What you are asked to do: Scan the data, and whenever a line contains "targetPoint", copy it.

===== Records shown =====

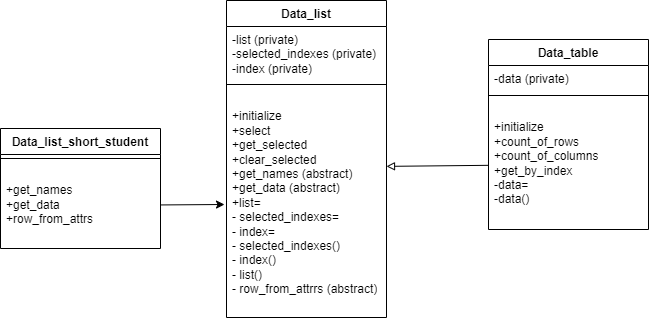

The diagram above was exported from draw.io. Its source (the exported page's mxGraphModel, read from the mxfile embedded in the PNG):
<mxGraphModel dx="164" dy="728" grid="0" gridSize="10" guides="1" tooltips="1" connect="1" arrows="1" fold="1" page="1" pageScale="1" pageWidth="827" pageHeight="1169" math="0" shadow="0">
  <root>
    <mxCell id="WIyWlLk6GJQsqaUBKTNV-0" />
    <mxCell id="WIyWlLk6GJQsqaUBKTNV-1" parent="WIyWlLk6GJQsqaUBKTNV-0" />
    <mxCell id="GKQod0wUIox7cNTMTDAt-19" value="Data_table" style="swimlane;fontStyle=1;align=center;verticalAlign=top;childLayout=stackLayout;horizontal=1;startSize=26;horizontalStack=0;resizeParent=1;resizeParentMax=0;resizeLast=0;collapsible=1;marginBottom=0;whiteSpace=wrap;html=1;" vertex="1" parent="WIyWlLk6GJQsqaUBKTNV-1">
      <mxGeometry x="1884" y="1055" width="160" height="190" as="geometry" />
    </mxCell>
    <mxCell id="GKQod0wUIox7cNTMTDAt-20" value="-data (private)" style="text;strokeColor=none;fillColor=none;align=left;verticalAlign=top;spacingLeft=4;spacingRight=4;overflow=hidden;rotatable=0;points=[[0,0.5],[1,0.5]];portConstraint=eastwest;whiteSpace=wrap;html=1;" vertex="1" parent="GKQod0wUIox7cNTMTDAt-19">
      <mxGeometry y="26" width="160" height="26" as="geometry" />
    </mxCell>
    <mxCell id="GKQod0wUIox7cNTMTDAt-21" value="" style="line;strokeWidth=1;fillColor=none;align=left;verticalAlign=middle;spacingTop=-1;spacingLeft=3;spacingRight=3;rotatable=0;labelPosition=right;points=[];portConstraint=eastwest;strokeColor=inherit;" vertex="1" parent="GKQod0wUIox7cNTMTDAt-19">
      <mxGeometry y="52" width="160" height="8" as="geometry" />
    </mxCell>
    <mxCell id="GKQod0wUIox7cNTMTDAt-22" value="&lt;div&gt;&lt;br&gt;&lt;/div&gt;&lt;div&gt;+initialize&lt;br&gt;&lt;/div&gt;&lt;div&gt;+count_of_rows&lt;/div&gt;&lt;div&gt;+count_of_columns&lt;/div&gt;&lt;div&gt;+get_by_index&lt;/div&gt;&lt;div&gt;-data=&lt;/div&gt;&lt;div&gt;-data()&lt;br&gt;&lt;/div&gt;" style="text;strokeColor=none;fillColor=none;align=left;verticalAlign=top;spacingLeft=4;spacingRight=4;overflow=hidden;rotatable=0;points=[[0,0.5],[1,0.5]];portConstraint=eastwest;whiteSpace=wrap;html=1;" vertex="1" parent="GKQod0wUIox7cNTMTDAt-19">
      <mxGeometry y="60" width="160" height="130" as="geometry" />
    </mxCell>
    <mxCell id="GKQod0wUIox7cNTMTDAt-23" value="&lt;div&gt;Data_list&lt;/div&gt;" style="swimlane;fontStyle=1;align=center;verticalAlign=top;childLayout=stackLayout;horizontal=1;startSize=26;horizontalStack=0;resizeParent=1;resizeParentMax=0;resizeLast=0;collapsible=1;marginBottom=0;whiteSpace=wrap;html=1;" vertex="1" parent="WIyWlLk6GJQsqaUBKTNV-1">
      <mxGeometry x="1622" y="1016" width="160" height="317" as="geometry" />
    </mxCell>
    <mxCell id="GKQod0wUIox7cNTMTDAt-24" value="&lt;div&gt;-list (private)&lt;/div&gt;&lt;div&gt;-selected_indexes (private)&lt;/div&gt;&lt;div&gt;-index (private)&lt;br&gt;&lt;/div&gt;" style="text;strokeColor=none;fillColor=none;align=left;verticalAlign=top;spacingLeft=4;spacingRight=4;overflow=hidden;rotatable=0;points=[[0,0.5],[1,0.5]];portConstraint=eastwest;whiteSpace=wrap;html=1;" vertex="1" parent="GKQod0wUIox7cNTMTDAt-23">
      <mxGeometry y="26" width="160" height="54" as="geometry" />
    </mxCell>
    <mxCell id="GKQod0wUIox7cNTMTDAt-25" value="" style="line;strokeWidth=1;fillColor=none;align=left;verticalAlign=middle;spacingTop=-1;spacingLeft=3;spacingRight=3;rotatable=0;labelPosition=right;points=[];portConstraint=eastwest;strokeColor=inherit;" vertex="1" parent="GKQod0wUIox7cNTMTDAt-23">
      <mxGeometry y="80" width="160" height="8" as="geometry" />
    </mxCell>
    <mxCell id="GKQod0wUIox7cNTMTDAt-26" value="&lt;div&gt;&lt;br&gt;&lt;/div&gt;&lt;div&gt;+initialize&lt;/div&gt;&lt;div&gt;+select&lt;/div&gt;&lt;div&gt;+get_selected&lt;/div&gt;&lt;div&gt;+clear_selected&lt;br&gt;&lt;/div&gt;&lt;div&gt;+get_names (abstract)&lt;br&gt;&lt;/div&gt;&lt;div&gt;+get_data&amp;nbsp;&lt;span style=&quot;background-color: initial;&quot;&gt;(abstract)&lt;/span&gt;&lt;/div&gt;&lt;div&gt;+list=&lt;/div&gt;&lt;div&gt;- selected_indexes=&lt;/div&gt;&lt;div&gt;&lt;span style=&quot;background-color: initial;&quot;&gt;- index=&lt;span style=&quot;white-space: pre;&quot;&gt;&#09;&lt;/span&gt;&lt;/span&gt;&lt;/div&gt;&lt;div&gt;&lt;div&gt;- selected_indexes()&lt;/div&gt;&lt;div&gt;&lt;span style=&quot;background-color: initial;&quot;&gt;- index()&lt;span style=&quot;white-space: pre;&quot;&gt;&#09;&lt;/span&gt;&lt;/span&gt;&lt;/div&gt;&lt;/div&gt;&lt;div&gt;- list()&lt;/div&gt;&lt;div&gt;- row_from_attrrs (abstract)&lt;/div&gt;&lt;div&gt;&lt;br&gt;&lt;/div&gt;" style="text;strokeColor=none;fillColor=none;align=left;verticalAlign=top;spacingLeft=4;spacingRight=4;overflow=hidden;rotatable=0;points=[[0,0.5],[1,0.5]];portConstraint=eastwest;whiteSpace=wrap;html=1;" vertex="1" parent="GKQod0wUIox7cNTMTDAt-23">
      <mxGeometry y="88" width="160" height="229" as="geometry" />
    </mxCell>
    <mxCell id="GKQod0wUIox7cNTMTDAt-27" value="&lt;div&gt;Data_list_short_student&lt;/div&gt;" style="swimlane;fontStyle=1;align=center;verticalAlign=top;childLayout=stackLayout;horizontal=1;startSize=26;horizontalStack=0;resizeParent=1;resizeParentMax=0;resizeLast=0;collapsible=1;marginBottom=0;whiteSpace=wrap;html=1;" vertex="1" parent="WIyWlLk6GJQsqaUBKTNV-1">
      <mxGeometry x="1396" y="1144" width="160" height="120" as="geometry" />
    </mxCell>
    <mxCell id="GKQod0wUIox7cNTMTDAt-28" value="" style="line;strokeWidth=1;fillColor=none;align=left;verticalAlign=middle;spacingTop=-1;spacingLeft=3;spacingRight=3;rotatable=0;labelPosition=right;points=[];portConstraint=eastwest;strokeColor=inherit;" vertex="1" parent="GKQod0wUIox7cNTMTDAt-27">
      <mxGeometry y="26" width="160" height="8" as="geometry" />
    </mxCell>
    <mxCell id="GKQod0wUIox7cNTMTDAt-29" value="&lt;div&gt;&lt;br&gt;&lt;/div&gt;&lt;div&gt;+get_names&lt;/div&gt;&lt;div&gt;+get_data&lt;/div&gt;&lt;div&gt;+row_from_attrs&lt;/div&gt;&lt;div&gt;&lt;br&gt;&lt;/div&gt;" style="text;strokeColor=none;fillColor=none;align=left;verticalAlign=top;spacingLeft=4;spacingRight=4;overflow=hidden;rotatable=0;points=[[0,0.5],[1,0.5]];portConstraint=eastwest;whiteSpace=wrap;html=1;" vertex="1" parent="GKQod0wUIox7cNTMTDAt-27">
      <mxGeometry y="34" width="160" height="86" as="geometry" />
    </mxCell>
    <mxCell id="GKQod0wUIox7cNTMTDAt-30" value="" style="endArrow=block;html=1;rounded=0;endFill=0;entryX=1;entryY=0.34;entryDx=0;entryDy=0;entryPerimeter=0;" edge="1" parent="WIyWlLk6GJQsqaUBKTNV-1" source="GKQod0wUIox7cNTMTDAt-22" target="GKQod0wUIox7cNTMTDAt-26">
      <mxGeometry width="50" height="50" relative="1" as="geometry">
        <mxPoint x="1550" y="1200" as="sourcePoint" />
        <mxPoint x="1790" y="1160" as="targetPoint" />
      </mxGeometry>
    </mxCell>
    <mxCell id="GKQod0wUIox7cNTMTDAt-31" value="" style="endArrow=classic;html=1;rounded=0;" edge="1" parent="WIyWlLk6GJQsqaUBKTNV-1" source="GKQod0wUIox7cNTMTDAt-29">
      <mxGeometry width="50" height="50" relative="1" as="geometry">
        <mxPoint x="1740" y="1270" as="sourcePoint" />
        <mxPoint x="1620" y="1220" as="targetPoint" />
      </mxGeometry>
    </mxCell>
  </root>
</mxGraphModel>

=====

Output for this task:
        <mxPoint x="1790" y="1160" as="targetPoint" />
        <mxPoint x="1620" y="1220" as="targetPoint" />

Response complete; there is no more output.